The ship was built at Orlogsværftet on the islet of Nyholm off Copenhagen. It was designed by Frantz Hohlenberg. 1,600 oak trees were used in the construction of the ship. It was launched on 6 October 1804. The construction cost was approximately 12,000 rigsdaler.

==Service==
In 1806 and parts of the following year, the ship operated as a training vessel in the North Sea and the Baltic Sea.

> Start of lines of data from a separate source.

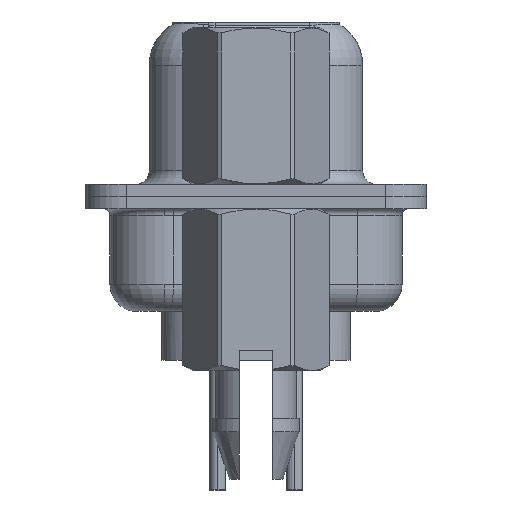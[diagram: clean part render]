
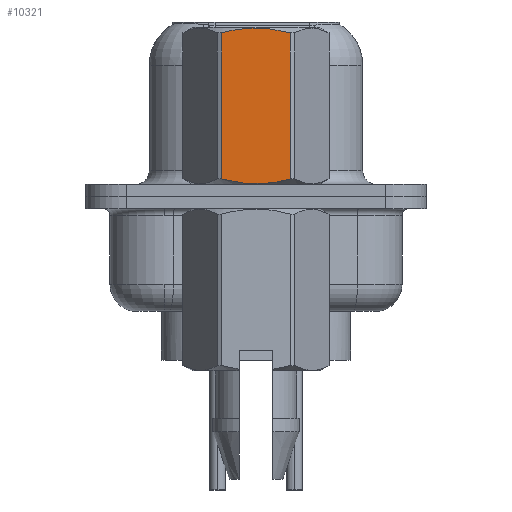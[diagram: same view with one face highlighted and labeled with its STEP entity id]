
A CAD part, left-side view. The second image highlights one B-rep face of the part: STEP entity #10321.
In plain terms, the highlighted planar face has unit normal (-1, 0, 0).
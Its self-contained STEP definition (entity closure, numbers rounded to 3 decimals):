
#121 = CARTESIAN_POINT ( 'NONE',  ( -2.381, -0.215, 0.468 ) ) ;
#1024 = CARTESIAN_POINT ( 'NONE',  ( -2.381, -1.273, 0.652 ) ) ;
#1214 = CARTESIAN_POINT ( 'NONE',  ( -2.381, 1.375, -3.75 ) ) ;
#1415 = VECTOR ( 'NONE', #5485, 1000. ) ;
#2012 = CARTESIAN_POINT ( 'NONE',  ( -2.381, 1.273, 0.652 ) ) ;
#2373 = VERTEX_POINT ( 'NONE', #1024 ) ;
#2411 = CARTESIAN_POINT ( 'NONE',  ( -2.381, 0.428, 0.485 ) ) ;
#3328 = DIRECTION ( 'NONE',  ( -1., 0., 0. ) ) ;
#3506 = LINE ( 'NONE', #7752, #1415 ) ;
#4799 = EDGE_CURVE ( 'NONE', #26515, #22288, #9349, .T. ) ;
#4879 = AXIS2_PLACEMENT_3D ( 'NONE', #1214, #3328, #17355 ) ;
#5138 = CARTESIAN_POINT ( 'NONE',  ( -2.381, 0.215, 0.468 ) ) ;
#5288 = CARTESIAN_POINT ( 'NONE',  ( -2.381, -1.066, 0.596 ) ) ;
#5485 = DIRECTION ( 'NONE',  ( 0., 0., 1. ) ) ;
#5731 = CARTESIAN_POINT ( 'NONE',  ( -2.381, -1.273, 6.048 ) ) ;
#6964 = CARTESIAN_POINT ( 'NONE',  ( -2.381, -0.432, 0.485 ) ) ;
#7752 = CARTESIAN_POINT ( 'NONE',  ( -2.381, -1.273, 3.792 ) ) ;
#8156 = CARTESIAN_POINT ( 'NONE',  ( -2.381, 0.428, 6.215 ) ) ;
#9349 = LINE ( 'NONE', #27882, #12375 ) ;
#10321 = ADVANCED_FACE ( 'NONE', ( #22057 ), #19632, .T. ) ;
#11999 = CARTESIAN_POINT ( 'NONE',  ( -2.381, 1.065, 0.596 ) ) ;
#12375 = VECTOR ( 'NONE', #16056, 1000. ) ;
#12448 = CARTESIAN_POINT ( 'NONE',  ( -2.381, -0.432, 6.215 ) ) ;
#13229 = EDGE_LOOP ( 'NONE', ( #28942, #13702, #28039, #15015 ) ) ;
#13645 = EDGE_CURVE ( 'NONE', #2373, #14188, #3506, .T. ) ;
#13702 = ORIENTED_EDGE ( 'NONE', *, *, #13645, .T. ) ;
#14041 = EDGE_CURVE ( 'NONE', #22288, #2373, #20304, .T. ) ;
#14188 = VERTEX_POINT ( 'NONE', #19917 ) ;
#15015 = ORIENTED_EDGE ( 'NONE', *, *, #4799, .T. ) ;
#15196 = CARTESIAN_POINT ( 'NONE',  ( -2.381, -0.858, 6.15 ) ) ;
#16056 = DIRECTION ( 'NONE',  ( 0., 0., -1. ) ) ;
#16729 = CARTESIAN_POINT ( 'NONE',  ( -2.381, 0.853, 0.549 ) ) ;
#17333 = CARTESIAN_POINT ( 'NONE',  ( -2.381, -0.215, 6.232 ) ) ;
#17355 = DIRECTION ( 'NONE',  ( 0., -1., 0. ) ) ;
#19029 = CARTESIAN_POINT ( 'NONE',  ( -2.381, 1.273, 6.048 ) ) ;
#19296 = CARTESIAN_POINT ( 'NONE',  ( -2.381, 0.215, 6.232 ) ) ;
#19603 = CARTESIAN_POINT ( 'NONE',  ( -2.381, 1.273, 6.048 ) ) ;
#19632 = PLANE ( 'NONE',  #4879 ) ;
#19917 = CARTESIAN_POINT ( 'NONE',  ( -2.381, -1.273, 6.048 ) ) ;
#20304 = B_SPLINE_CURVE_WITH_KNOTS ( 'NONE', 3,
 ( #28376, #11999, #16729, #2411, #5138, #121, #6964, #21430, #5288, #30045 ),
 .UNSPECIFIED., .F., .F.,
 ( 4, 2, 2, 2, 4 ),
 ( 0.003, 0.003, 0.004, 0.004, 0.005 ),
 .UNSPECIFIED. ) ;
#21430 = CARTESIAN_POINT ( 'NONE',  ( -2.381, -0.858, 0.55 ) ) ;
#22057 = FACE_OUTER_BOUND ( 'NONE', #13229, .T. ) ;
#22288 = VERTEX_POINT ( 'NONE', #2012 ) ;
#22412 = B_SPLINE_CURVE_WITH_KNOTS ( 'NONE', 3,
 ( #5731, #26427, #15196, #12448, #17333, #19296, #8156, #24286, #24451, #19603 ),
 .UNSPECIFIED., .F., .F.,
 ( 4, 2, 2, 2, 4 ),
 ( 0.001, 0.002, 0.002, 0.003, 0.004 ),
 .UNSPECIFIED. ) ;
#24286 = CARTESIAN_POINT ( 'NONE',  ( -2.381, 0.853, 6.151 ) ) ;
#24451 = CARTESIAN_POINT ( 'NONE',  ( -2.381, 1.065, 6.104 ) ) ;
#26427 = CARTESIAN_POINT ( 'NONE',  ( -2.381, -1.066, 6.104 ) ) ;
#26515 = VERTEX_POINT ( 'NONE', #19029 ) ;
#26896 = EDGE_CURVE ( 'NONE', #14188, #26515, #22412, .T. ) ;
#27882 = CARTESIAN_POINT ( 'NONE',  ( -2.381, 1.273, 3.792 ) ) ;
#28039 = ORIENTED_EDGE ( 'NONE', *, *, #26896, .T. ) ;
#28376 = CARTESIAN_POINT ( 'NONE',  ( -2.381, 1.273, 0.652 ) ) ;
#28942 = ORIENTED_EDGE ( 'NONE', *, *, #14041, .T. ) ;
#30045 = CARTESIAN_POINT ( 'NONE',  ( -2.381, -1.273, 0.652 ) ) ;

In the second half of 1807 the HDMS Prinds Christian Frederik was patrolling in Danish-Norwegian waters alongside the ship of the line HDMS Lovise Augusta. On September 18, a Royal Navy squadron under Robert Stopford approached Kristiansand's eastern harbour intending on capturing Prinds Christian Fredrik, which was anchored there. After receiving fire from the Christiansholm Fortress, Stopford's squadron instead sailed to the disused Fredriksholm Fortress and slighted the fortress by blowing it up.

At the beginning of 1808, HDMS Prinds Christian Frederik was in Norway to carry supplies to the Royal Dano-Norwegian Army. Despite illness aboard, and with a large part of the crew newly replaced, the ship was ordered in March to protect the transfer of troops over the Great Belt (Storebælt).

On March 21, the ship was captured by a major British naval force during the Battle of Zealand Point, where she suffered 64 killed and 126 wounded in action; during the battle, she ran aground.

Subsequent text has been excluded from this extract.